Yes, for a very large category of dynamic pages, it is. For example, in an online shop, the actual number of a particular product in stock at the moment may very from minute to minute, the price of that product in the user's preferred currency may change from week to week, but the product itself doesn't change much over months over months or years. It makes perfect sense to index the product page, because although some of the contained data may be transient, a great deal more is not.
Or take another example: the weather forecast for a particular area. The forecast itself may change regularly, but the page always contains a current forecast and that fact is worth indexing. The best technology available for this sort of thing is probably RDF and the Dublin Core metadata specification. Of course, the search engines still have to be persuaded to take heed of this...
-
My take on RDFI'm currently looking into the alphabet soup of standards coming out of the W3C, trying to decide which ones are useful and how they might be applied to free software and Gnome in particular.
There's a lot of interesting things out there. In particular, I think XML and DOM could be the basis for a very good component framework in which powerful components would be easy to write, and would integrate nicely without a lot of hassle. I'm looking at RDF as a piece of this.

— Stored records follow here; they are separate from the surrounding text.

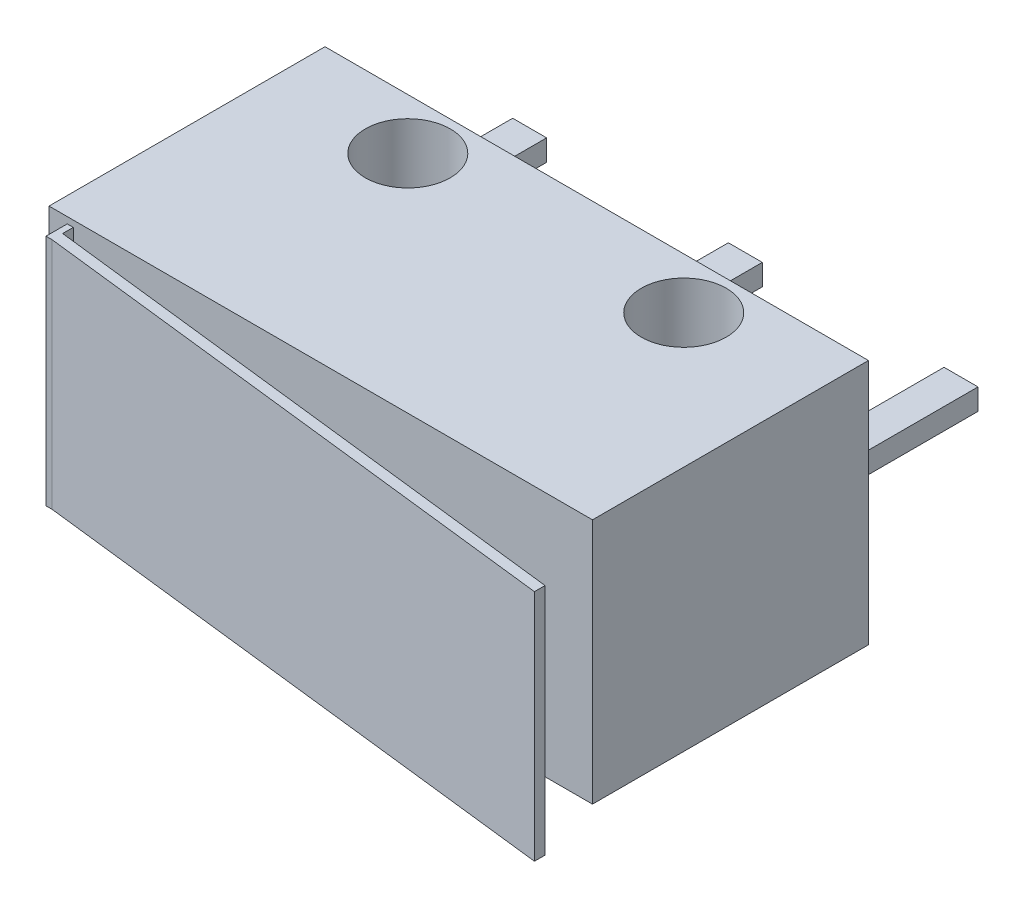
from build123d import *

# Parameters (mm, degrees)
SKETCH_1_W      = 12.8
SKETCH_1_H      = 6.5
SKETCH_1_R      = 1
EXTRUDE_1_DEPTH = 5.8
SKETCH_2_W      = 0.8
SKETCH_2_H      = 0.5
EXTRUDE_2_DEPTH = 3.5
SKETCH_4_W      = 0.142011972
SKETCH_4_H      = 5.5
EXTRUDE_4_DEPTH = 0.5
EXTRUDE_5_DEPTH = 5.5


with BuildPart() as part:
    # 草图1 → 凸台-拉伸1 (new body)
    with BuildSketch(Plane(origin=(0, 0, 0), x_dir=(1, 0, 0), z_dir=(0, 1, 0))):
        Rectangle(SKETCH_1_W, SKETCH_1_H)
        with Locations(Location((-3.25, 2.05, 0), (0, 0, 270))):
            Circle(SKETCH_1_R, mode=Mode.SUBTRACT)
        with Locations(Location((3.25, 2.05, 0), (0, 0, 90))):
            Circle(SKETCH_1_R, mode=Mode.SUBTRACT)
    extrude(amount=EXTRUDE_1_DEPTH)

    # 草图2 → 凸台-拉伸2 (add)
    with BuildSketch(Plane(origin=(0, 0, -3.25), x_dir=(-1, 0, 0), z_dir=(0, 0, -1))):
        with Locations((0, 2.801277115)):
            Rectangle(SKETCH_2_W, SKETCH_2_H)
        with Locations((5.08, 2.801277115)):
            Rectangle(SKETCH_2_W, SKETCH_2_H)
        with Locations((-5.08, 2.801277115)):
            Rectangle(SKETCH_2_W, SKETCH_2_H)
    extrude(amount=EXTRUDE_2_DEPTH)

    # 草图4 → 凸台-拉伸4 (add)
    with BuildSketch(Plane.XY.offset(3.25)):
        with Locations((-5.9, 2.9)):
            Rectangle(SKETCH_4_W, SKETCH_4_H)
    extrude(amount=EXTRUDE_4_DEPTH)

    # 草图6 → 凸台-拉伸5 (add)
    with BuildSketch(Plane.XZ.offset(-0.15)):
        Polygon((-5.828994014, 3.75), (-5.828994014, 3.5), (7.03115002, 4.998700306), (7.03115002, 5.248700306), align=None)
    extrude(amount=-EXTRUDE_5_DEPTH)


solid = part.part

But, as far as I can tell, the problem that RDF solves is a bit different than the one mentioned in this article. RDF is a way of representing documents as graph structures, allowing individual files to contain both local and external pieces without everything getting tangled up.
The problem of representing metadata unambiguously is a tricky one, but is not yet solved. The RDF spec presents an interesting outline about how this might be done, but it doesn't quite tell me what I need to do to get my own Web pages to be correctly meta'ed. If I were a library, then the Dublin Core would start to give me the specific markup I needed, but that's just for libraries. What do I use do as metadata for my free software efforts?
It seems like the combination of XML plus XML-NameSpaces plus Dublin Core plus all the other recommendations, specifications, and standards analogous to the Dublin Core but for domains other than libraries might cohere into a workable metadata system for the Web, but on the other hand, the complexity and fuzziness of specification could very easily prevent the beast from flying.
When you're dealing with software, precise specification is key. Some metadata standards have succeeded pretty well in this regard - take MIME content types, for example. If you have a JPEG image, you know that the content type should be "image/jpeg". But the XML crew hasn't even managed a consistent namespace name for HTML 4.0 (I've seen "urn:w3-org-ns:HTML", "http://www.w3.org/TR/REC-html40" and others).
For those hoping for a more technical discussion of RDF, I recommend the Mozilla page on RDF and of course the specification itself.